Friday, March 16, 2012

Inflation drops back to 8.6%

Headline consumer inflation fell back to 8.6 percent in February, after a marginal increase to 8.7 percent in January, the Ghana Statistical Service (GSS) said on Wednesday.

Both food and non-food inflation dropped in the month, touching 4.3% and 11.2% respectively, the GSS said. Inflation rates in the two groups were 4.5% and 11.3% respectively in January.

“The food and non-alcoholic beverages group has been recording single-digit inflation since January 2011, while non-food inflation has remained stable between 11.1% and 12.4% since February last year,” said Dr. Philomena Nyarko, acting Government Statistician, at a media briefing in Accra.

The latest inflation reading shows weaknesses in the cedi since the year began have yet to have any significant impact on inflation, with most prices -- especially foodstuffs -- remaining stable.

Last month, the Bank of Ghana hiked its policy lending rate by a percentage point to 13.5% to avert further cedi weakness and keep prices in check.

The International Monetary Fund said this month that the hike notwithstanding, Ghana’s economy is exposed to upside inflation risks from currency depreciation and high domestic demand, as well as to a possible deterioration in the external position should a deeper global slowdown weaken foreign inflows.

Ghana’s trade deficit widened by 8% in 2011 to US$3.2billion, confounding expectations that new oil receipts would narrow the gap from the previous year.
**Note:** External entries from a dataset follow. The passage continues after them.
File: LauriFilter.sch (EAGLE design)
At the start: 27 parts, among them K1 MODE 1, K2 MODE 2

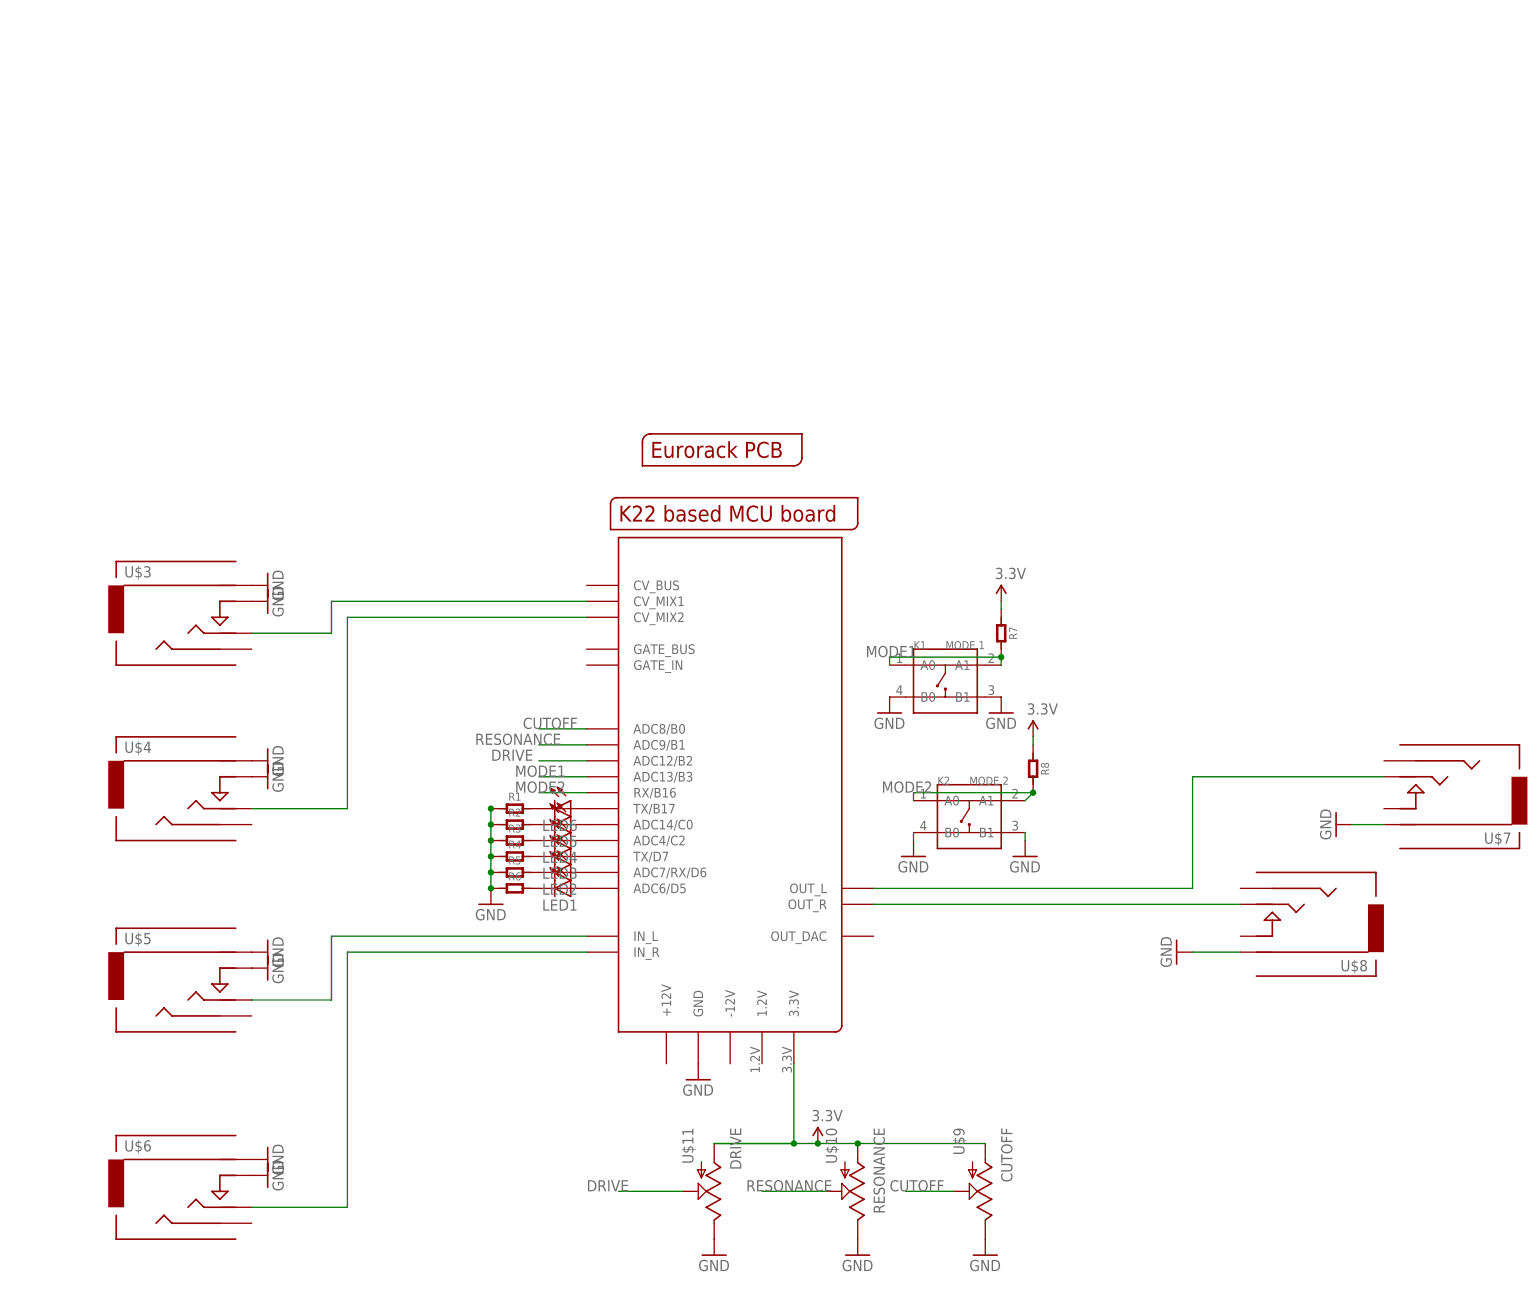
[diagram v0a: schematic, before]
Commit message: LauriFilter has switches + 595 for leds
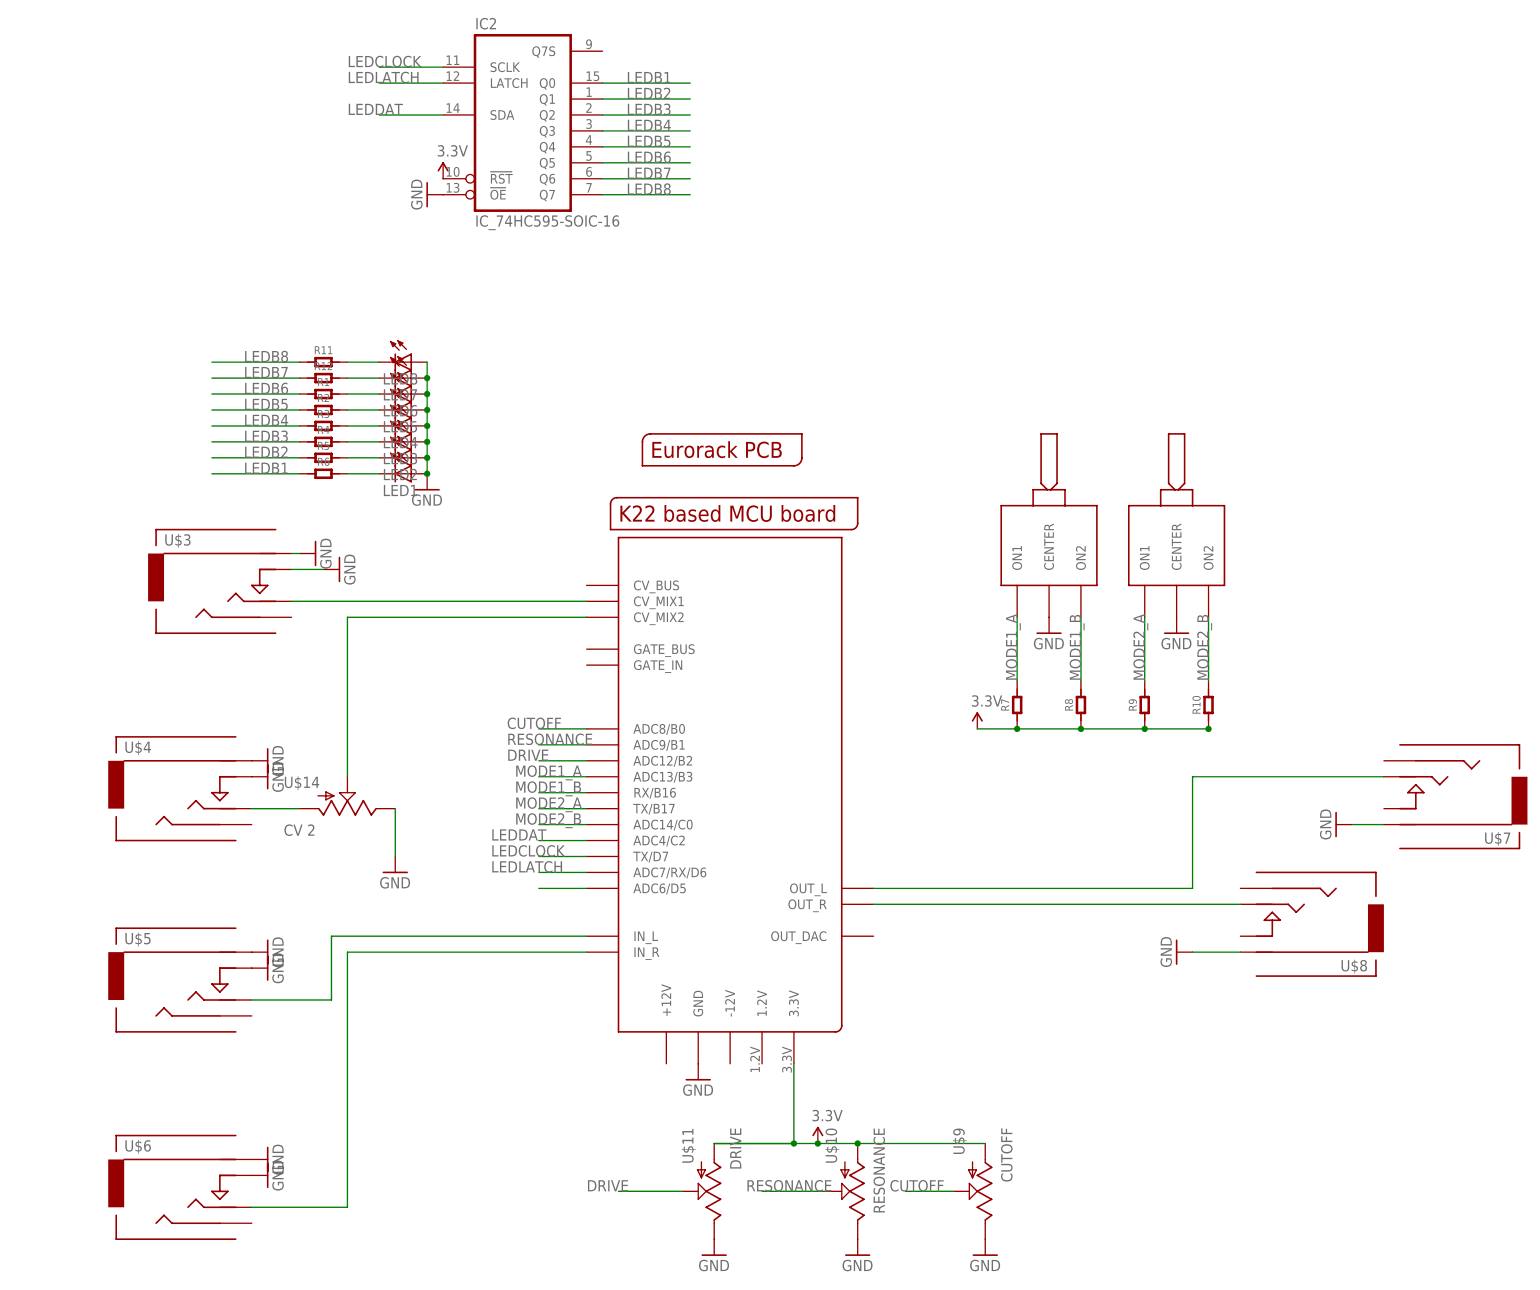
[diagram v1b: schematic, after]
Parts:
- removed K1: MODE 1, OPL:BUTTON-4P-3110040P1
- removed K2: MODE 2, OPL:BUTTON-4P-3110040P1
- added IC2: IC_74HC595-SOIC-16, dp_devices:IC_74HC595-SOIC-16
- added LED7, LED8: (no value), SparkFun-LED:LED3MM
- added R10, R11, R12, R9: (no value), OPL:R-0603
- added U$12, U$13: ONOFFON, EurorackModularParts:ONOFFON
- added U$14: CV 2, EurorackModularParts:POTZEPHPOT
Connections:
- removed net MODE1: K1.A0, K1.A1, R7.2, U$1.ADC13/B3
- removed net MODE2: K2.A0, K2.A1, R8.2, U$1.RX/B16
- removed net N$10: LED3.A, U$1.TX/D7
- removed net N$11: LED4.A, U$1.ADC4/C2
- removed net N$12: LED5.A, U$1.ADC14/C0
- new net LEDB1: IC2IC.Q0
- new net LEDB2: IC2IC.Q1
- new net LEDB3: IC2IC.Q2
- new net LEDB4: IC2IC.Q3
- new net LEDB5: IC2IC.Q4
- new net LEDB6: IC2IC.Q5
- new net LEDB7: IC2IC.Q6
- new net LEDB8: IC2IC.Q7
- new net LEDCLOCK: IC2IC.SCLK, U$1.TX/D7
- new net LEDDAT: IC2IC.SDA, U$1.ADC4/C2
- new net LEDLATCH: IC2IC.LATCH, U$1.ADC7/RX/D6
- new net MODE1_A: R7.2, U$1.ADC13/B3, U$12.ON1
- new net MODE1_B: R8.2, U$1.RX/B16, U$12.ON2
- new net MODE2_A: R9.2, U$1.TX/B17, U$13.ON1
- new net MODE2_B: R10.2, U$1.ADC14/C0, U$13.ON2
- new net N$7: U$14.A, U$4.TIP
- net 3.3V: now also IC2IC.!RST, R10.1, R9.1
- net GND: now also IC2IC.!OE, LED1.A, LED2.A, LED3.A, LED4.A, LED5.A, LED6.A, LED7.A, LED8.A, U$12.CENTER, U$13.CENTER, U$14.E; no longer K1.B0, K1.B1, K2.B0, K2.B1, R1.1, R2.1, R3.1, R4.1, R5.1, R6.1
- net N$13: now also U$1.ADC6/D5; no longer LED6.A, U$1.TX/B17
- net N$4: no longer U$4.TIP
- net N$8: now also LED8.C, R11.2; no longer LED1.A, U$1.ADC6/D5
- net N$9: now also LED7.C, R12.2; no longer LED2.A, U$1.ADC7/RX/D6
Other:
- moved on the sheet: LED1, LED2, LED3, LED4, LED5, LED6, R1, R2, R3, R4, R5, R6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

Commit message: Preliminary routing LauriFilter
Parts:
- added C1: 100nF, OPL:C-0603
- LED1, LED2, LED3, LED4, LED5, LED6, LED7, LED8: value (none) -> WHITE
- R1, R11, R12, R2, R3, R4, R5, R6: value (none) -> 50
- R10, R7, R8, R9: value (none) -> 10k
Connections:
- removed net N$13: U$1.ADC6/D5
- net 3.3V: now also C1.2, IC2SUP.V+, U$1.3.3V
- net GND: now also C1.1, IC2SUP.GND
- net LEDB1: now also R6.1
- net LEDB2: now also R5.1
- net LEDB3: now also R4.1
- net LEDB4: now also R3.1
- net LEDB5: now also R2.1
- net LEDB6: now also R1.1
- net LEDB7: now also R12.1
- net LEDB8: now also R11.1
- net N$4: now also U$14.S
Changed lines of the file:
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@@
 <part name="GND13" library="SparkFun-Aesthetics" deviceset="GND" device=""/>
 <part name="GND14" library="SparkFun-Aesthetics" deviceset="GND" device=""/>
-<part name="LED1" library="SparkFun-LED" deviceset="LED" device="3MM"/>
-<part name="LED2" library="SparkFun-LED" deviceset="LED" device="3MM"/>
-<part name="LED3" library="SparkFun-LED" deviceset="LED" device="3MM"/>
-<part name="LED4" library="SparkFun-LED" deviceset="LED" device="3MM"/>
-<part name="LED5" library="SparkFun-LED" deviceset="LED" device="3MM"/>
-<part name="LED6" library="SparkFun-LED" deviceset="LED" device="3MM"/>
-<part name="R1" library="OPL" deviceset="R*" device="-0603"/>
-<part name="R2" library="OPL" deviceset="R*" device="-0603"/>
-<part name="R3" library="OPL" deviceset="R*" device="-0603"/>
-<part name="R4" library="OPL" deviceset="R*" device="-0603"/>
-<part name="R5" library="OPL" deviceset="R*" device="-0603"/>
-<part name="R6" library="OPL" deviceset="R*" device="-0603"/>
+<part name="LED1" library="SparkFun-LED" deviceset="LED" device="3MM" value="WHITE"/>
+<part name="LED2" library="SparkFun-LED" deviceset="LED" device="3MM" value="WHITE"/>
+<part name="LED3" library="SparkFun-LED" deviceset="LED" device="3MM" value="WHITE"/>
+<part name="LED4" library="SparkFun-LED" deviceset="LED" device="3MM" value="WHITE"/>
+<part name="LED5" library="SparkFun-LED" deviceset="LED" device="3MM" value="WHITE"/>
+<part name="LED6" library="SparkFun-LED" deviceset="LED" device="3MM" value="WHITE"/>
+<part name="R1" library="OPL" deviceset="R*" device="-0603" value="50"/>
+<part name="R2" library="OPL" deviceset="R*" device="-0603" value="50"/>
+<part name="R3" library="OPL" deviceset="R*" device="-0603" value="50"/>
+<part name="R4" library="OPL" deviceset="R*" device="-0603" value="50"/>
+<part name="R5" library="OPL" deviceset="R*" device="-0603" value="50"/>
+<part name="R6" library="OPL" deviceset="R*" device="-0603" value="50"/>
 <part name="SUPPLY3" library="SparkFun-Aesthetics" deviceset="3.3V" device=""/>
 <part name="U$12" library="EurorackModularParts" deviceset="ONOFFON" device=""/>
@@
 <part name="GND17" library="SparkFun-Aesthetics" deviceset="GND" device=""/>
 <part name="GND18" library="SparkFun-Aesthetics" deviceset="GND" device=""/>
-<part name="R7" library="OPL" deviceset="R*" device="-0603"/>
-<part name="R8" library="OPL" deviceset="R*" device="-0603"/>
-<part name="R9" library="OPL" deviceset="R*" device="-0603"/>
-<part name="R10" library="OPL" deviceset="R*" device="-0603"/>
+<part name="R7" library="OPL" deviceset="R*" device="-0603" value="10k"/>
+<part name="R8" library="OPL" deviceset="R*" device="-0603" value="10k"/>
+<part name="R9" library="OPL" deviceset="R*" device="-0603" value="10k"/>
+<part name="R10" library="OPL" deviceset="R*" device="-0603" value="10k"/>
 <part name="SUPPLY1" library="SparkFun-Aesthetics" deviceset="3.3V" device=""/>
-<part name="LED7" library="SparkFun-LED" deviceset="LED" device="3MM"/>
-<part name="LED8" library="SparkFun-LED" deviceset="LED" device="3MM"/>
-<part name="R11" library="OPL" deviceset="R*" device="-0603"/>
-<part name="R12" library="OPL" deviceset="R*" device="-0603"/>
+<part name="LED7" library="SparkFun-LED" deviceset="LED" device="3MM" value="WHITE"/>
+<part name="LED8" library="SparkFun-LED" deviceset="LED" device="3MM" value="WHITE"/>
+<part name="R11" library="OPL" deviceset="R*" device="-0603" value="50"/>
+<part name="R12" library="OPL" deviceset="R*" device="-0603" value="50"/>
 <part name="IC2" library="dp_devices" deviceset="IC_74HC595" device="-SOIC-16"/>
 <part name="GND20" library="SparkFun" deviceset="GND" device=""/>
 <part name="SUPPLY4" library="SparkFun-Aesthetics" deviceset="3.3V" device=""/>
 <part name="GND15" library="SparkFun-Aesthetics" deviceset="GND" device=""/>
+<part name="C1" library="OPL" deviceset="C*" device="-0603" value="100nF"/>
+<part name="GND19" library="SparkFun" deviceset="GND" device=""/>
+<part name="GND21" library="SparkFun" deviceset="GND" device=""/>
+<part name="SUPPLY2" library="SparkFun-Aesthetics" deviceset="3.3V" device=""/>
+<part name="SUPPLY5" library="SparkFun-Aesthetics" deviceset="3.3V" device=""/>
 </parts>
 <sheets>
@@
 <instance part="SUPPLY4" gate="G$1" x="-5.08" y="135.89"/>
 <instance part="GND15" gate="1" x="-7.62" y="86.36"/>
+<instance part="C1" gate="C" x="-35.56" y="129.54" rot="R90"/>
+<instance part="IC2" gate="SUP" x="-27.94" y="129.54"/>
+<instance part="GND19" gate="1" x="-35.56" y="123.19"/>
+<instance part="GND21" gate="1" x="-27.94" y="114.3"/>
+<instance part="SUPPLY2" gate="G$1" x="-27.94" y="142.24"/>
+<instance part="SUPPLY5" gate="G$1" x="-35.56" y="133.35"/>
 </instances>
 <busses>
@@
 <junction x="-7.62" y="104.14"/>
 </segment>
+<segment>
+<pinref part="C1" gate="C" pin="1"/>
+<pinref part="GND19" gate="1" pin="GND"/>
+</segment>
+<segment>
+<pinref part="IC2" gate="SUP" pin="GND"/>
+<pinref part="GND21" gate="1" pin="GND"/>
+</segment>
 </net>
 <net name="N$1" class="0">
@@
 <wire x1="17.78" y1="66.04" x2="-20.32" y2="66.04" width="0.1524" layer="91"/>
 <wire x1="-20.32" y1="66.04" x2="-20.32" y2="40.64" width="0.1524" layer="91"/>
+<pinref part="U$14" gate="G$1" pin="S"/>
+<junction x="-20.32" y="40.64"/>
 </segment>
 </net>
@@
 <pinref part="SUPPLY3" gate="G$1" pin="3.3V"/>
 <junction x="54.61" y="-17.78"/>
+<junction x="38.1" y="-17.78"/>
+<pinref part="U$1" gate="G$1" pin="3.3V"/>
+<junction x="50.8" y="-5.08"/>
 </segment>
 <segment>
@@
 <pinref part="SUPPLY4" gate="G$1" pin="3.3V"/>
 </segment>
+<segment>
+<pinref part="IC2" gate="SUP" pin="V+"/>
+<pinref part="SUPPLY2" gate="G$1" pin="3.3V"/>
+</segment>
+<segment>
+<pinref part="C1" gate="C" pin="2"/>
+<pinref part="SUPPLY5" gate="G$1" pin="3.3V"/>
+</segment>
 </net>
 <net name="MODE1_A" class="0">
@@
 </segment>
 </net>
-<net name="N$13" class="0">
-<segment>
-<pinref part="U$1" gate="G$1" pin="ADC6/D5"/>
-<wire x1="17.78" y1="22.86" x2="10.16" y2="22.86" width="0.1524" layer="91"/>
-</segment>
-</net>
 <net name="N$8" class="0">
 <segment>
@@
 <wire x1="-41.91" y1="88.9" x2="-27.94" y2="88.9" width="0.1524" layer="91"/>
 <label x="-36.83" y="88.9" size="1.778" layer="95"/>
+<pinref part="R6" gate="R" pin="1"/>
+<junction x="-27.94" y="88.9"/>
 </segment>
 </net>
@@
 <wire x1="-41.91" y1="91.44" x2="-27.94" y2="91.44" width="0.1524" layer="91"/>
 <label x="-36.83" y="91.44" size="1.778" layer="95"/>
+<pinref part="R5" gate="R" pin="1"/>
+<junction x="-27.94" y="91.44"/>
 </segment>
 </net>
@@
 <wire x1="-41.91" y1="93.98" x2="-27.94" y2="93.98" width="0.1524" layer="91"/>
 <label x="-36.83" y="93.98" size="1.778" layer="95"/>
+<pinref part="R4" gate="R" pin="1"/>
+<junction x="-27.94" y="93.98"/>
 </segment>
 </net>
@@
 <wire x1="-41.91" y1="96.52" x2="-27.94" y2="96.52" width="0.1524" layer="91"/>
 <label x="-36.83" y="96.52" size="1.778" layer="95"/>
+<pinref part="R3" gate="R" pin="1"/>
+<junction x="-27.94" y="96.52"/>
 </segment>
 </net>
@@
 <wire x1="-41.91" y1="99.06" x2="-27.94" y2="99.06" width="0.1524" layer="91"/>
 <label x="-36.83" y="99.06" size="1.778" layer="95"/>
+<pinref part="R2" gate="R" pin="1"/>
+<junction x="-27.94" y="99.06"/>
 </segment>
 </net>
@@
 <wire x1="-41.91" y1="101.6" x2="-27.94" y2="101.6" width="0.1524" layer="91"/>
 <label x="-36.83" y="101.6" size="1.778" layer="95"/>
+<pinref part="R1" gate="R" pin="1"/>
+<junction x="-27.94" y="101.6"/>
 </segment>
 </net>
@@
 <wire x1="-41.91" y1="104.14" x2="-27.94" y2="104.14" width="0.1524" layer="91"/>
 <label x="-36.83" y="104.14" size="1.778" layer="95"/>
+<pinref part="R12" gate="R" pin="1"/>
+<junction x="-27.94" y="104.14"/>
 </segment>
 </net>
@@
 <wire x1="-41.91" y1="106.68" x2="-27.94" y2="106.68" width="0.1524" layer="91"/>
 <label x="-36.83" y="106.68" size="1.778" layer="95"/>
+<pinref part="R11" gate="R" pin="1"/>
+<junction x="-27.94" y="106.68"/>
 </segment>
 </net>
@@
 </sheet>
 </sheets>
+<errors>
+</errors>
 </schematic>
 </drawing>

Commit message: Many many changes after crosschecking by Lauri
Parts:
- added R13: 100k, OPL:R-0603
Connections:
- new net N$10: R13.2, U$14.A
- net N$7: now also R13.1; no longer U$14.A
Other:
- moved on the sheet: U$4
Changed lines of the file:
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@@
 <setting verticaltext="up"/>
 </settings>
-<grid distance="0.05" unitdist="inch" unit="inch" style="lines" multiple="1" display="no" altdistance="0.01" altunitdist="inch" altunit="inch"/>
+<grid distance="0.1" unitdist="inch" unit="inch" style="lines" multiple="1" display="no" altdistance="0.01" altunitdist="inch" altunit="inch"/>
 <layers>
 <layer number="1" name="Top" color="4" fill="1" visible="no" active="no"/>
@@
 <part name="SUPPLY2" library="SparkFun-Aesthetics" deviceset="3.3V" device=""/>
 <part name="SUPPLY5" library="SparkFun-Aesthetics" deviceset="3.3V" device=""/>
+<part name="R13" library="OPL" deviceset="R*" device="-0603" value="100k"/>
 </parts>
 <sheets>
@@
 <instance part="U$2" gate="G$1" x="27.94" y="91.44"/>
 <instance part="U$3" gate="G$1" x="-36.83" y="73.66"/>
-<instance part="U$4" gate="G$1" x="-43.18" y="40.64"/>
+<instance part="U$4" gate="G$1" x="-58.42" y="40.64"/>
 <instance part="U$5" gate="G$1" x="-43.18" y="10.16"/>
 <instance part="U$6" gate="G$1" x="-43.18" y="-22.86"/>
@@
 <instance part="SUPPLY2" gate="G$1" x="-27.94" y="142.24"/>
 <instance part="SUPPLY5" gate="G$1" x="-35.56" y="133.35"/>
+<instance part="R13" gate="R" x="-39.37" y="35.56"/>
 </instances>
 <busses>
@@
 <pinref part="U$4" gate="G$1" pin="SWITCH"/>
 <pinref part="GND3" gate="1" pin="GND"/>
+<wire x1="-50.8" y1="40.64" x2="-35.56" y2="40.64" width="0.1524" layer="91"/>
 </segment>
 <segment>
 <pinref part="U$4" gate="G$1" pin="RING"/>
 <pinref part="GND4" gate="1" pin="GND"/>
+<wire x1="-50.8" y1="43.18" x2="-35.56" y2="43.18" width="0.1524" layer="91"/>
 </segment>
 <segment>
@@
 <segment>
 <pinref part="U$4" gate="G$1" pin="TIP"/>
-<pinref part="U$14" gate="G$1" pin="A"/>
-<wire x1="-27.94" y1="35.56" x2="-35.56" y2="35.56" width="0.1524" layer="91"/>
+<pinref part="R13" gate="R" pin="1"/>
+<wire x1="-43.18" y1="35.56" x2="-50.8" y2="35.56" width="0.1524" layer="91"/>
 </segment>
 </net>
@@
 </segment>
 </net>
+<net name="N$10" class="0">
+<segment>
+<pinref part="U$14" gate="G$1" pin="A"/>
+<wire x1="-27.94" y1="35.56" x2="-35.56" y2="35.56" width="0.1524" layer="91"/>
+<pinref part="R13" gate="R" pin="2"/>
+</segment>
+</net>

An estimate by investment bank Renaissance Capital said the current account deficit soared to 8.5% of GDP from 7.2% in 2010.

“The government’s main challenge for 2012 will be to maintain the hard-won stabilisation gains – strong broad-based growth, single-digit inflation and fiscal consolidation – in the face of resurgent global risks,” the IMF said.

The Fund said the government should guard against actions that would jeopardise 2012 fiscal targets, and warned rising world oil prices will have to be passed on to consumers at the pumps to avoid the re-emergence of costly subsidies.

Fuel subsidies cost the government GH¢365million in 2011, according to Finance Minister Kwabena Duffuor, and their removal in late December caused hikes of 15% in petrol and diesel prices, and 30% in the price of Liquefied Petroleum Gas (LPG.

The subsidy-bill had not been budgeted for, and the Centre for Policy Analysis (CEPA) said the government should not have provided them without parliamentary approval.

Meanwhile, strong revenue collection by state agencies helped lower the budget deficit to 4.3% of GDP in 2011from 6.8% of GDP in 2010. The government had forecast a fiscal gap of 5.1% of GDP, later revised to 4.8%.

This year, it has targetted a fiscal deficit of 4.8% of GDP, but analysts have warned the limit could be breached over pressures to spend during the elections.
Renaissance Capital has forecast a deficit of 5.1% of GDP in 2012, and expects the current account gap to increase to 8.7% of GDP from 8.5% in 2011.

“We think the budget will come under pressure in 2012, given that this is an election year and the government is planning to step-up capital spending to 8.2% of GDP from 7.6% of GDP in 2011,” Renaissance said.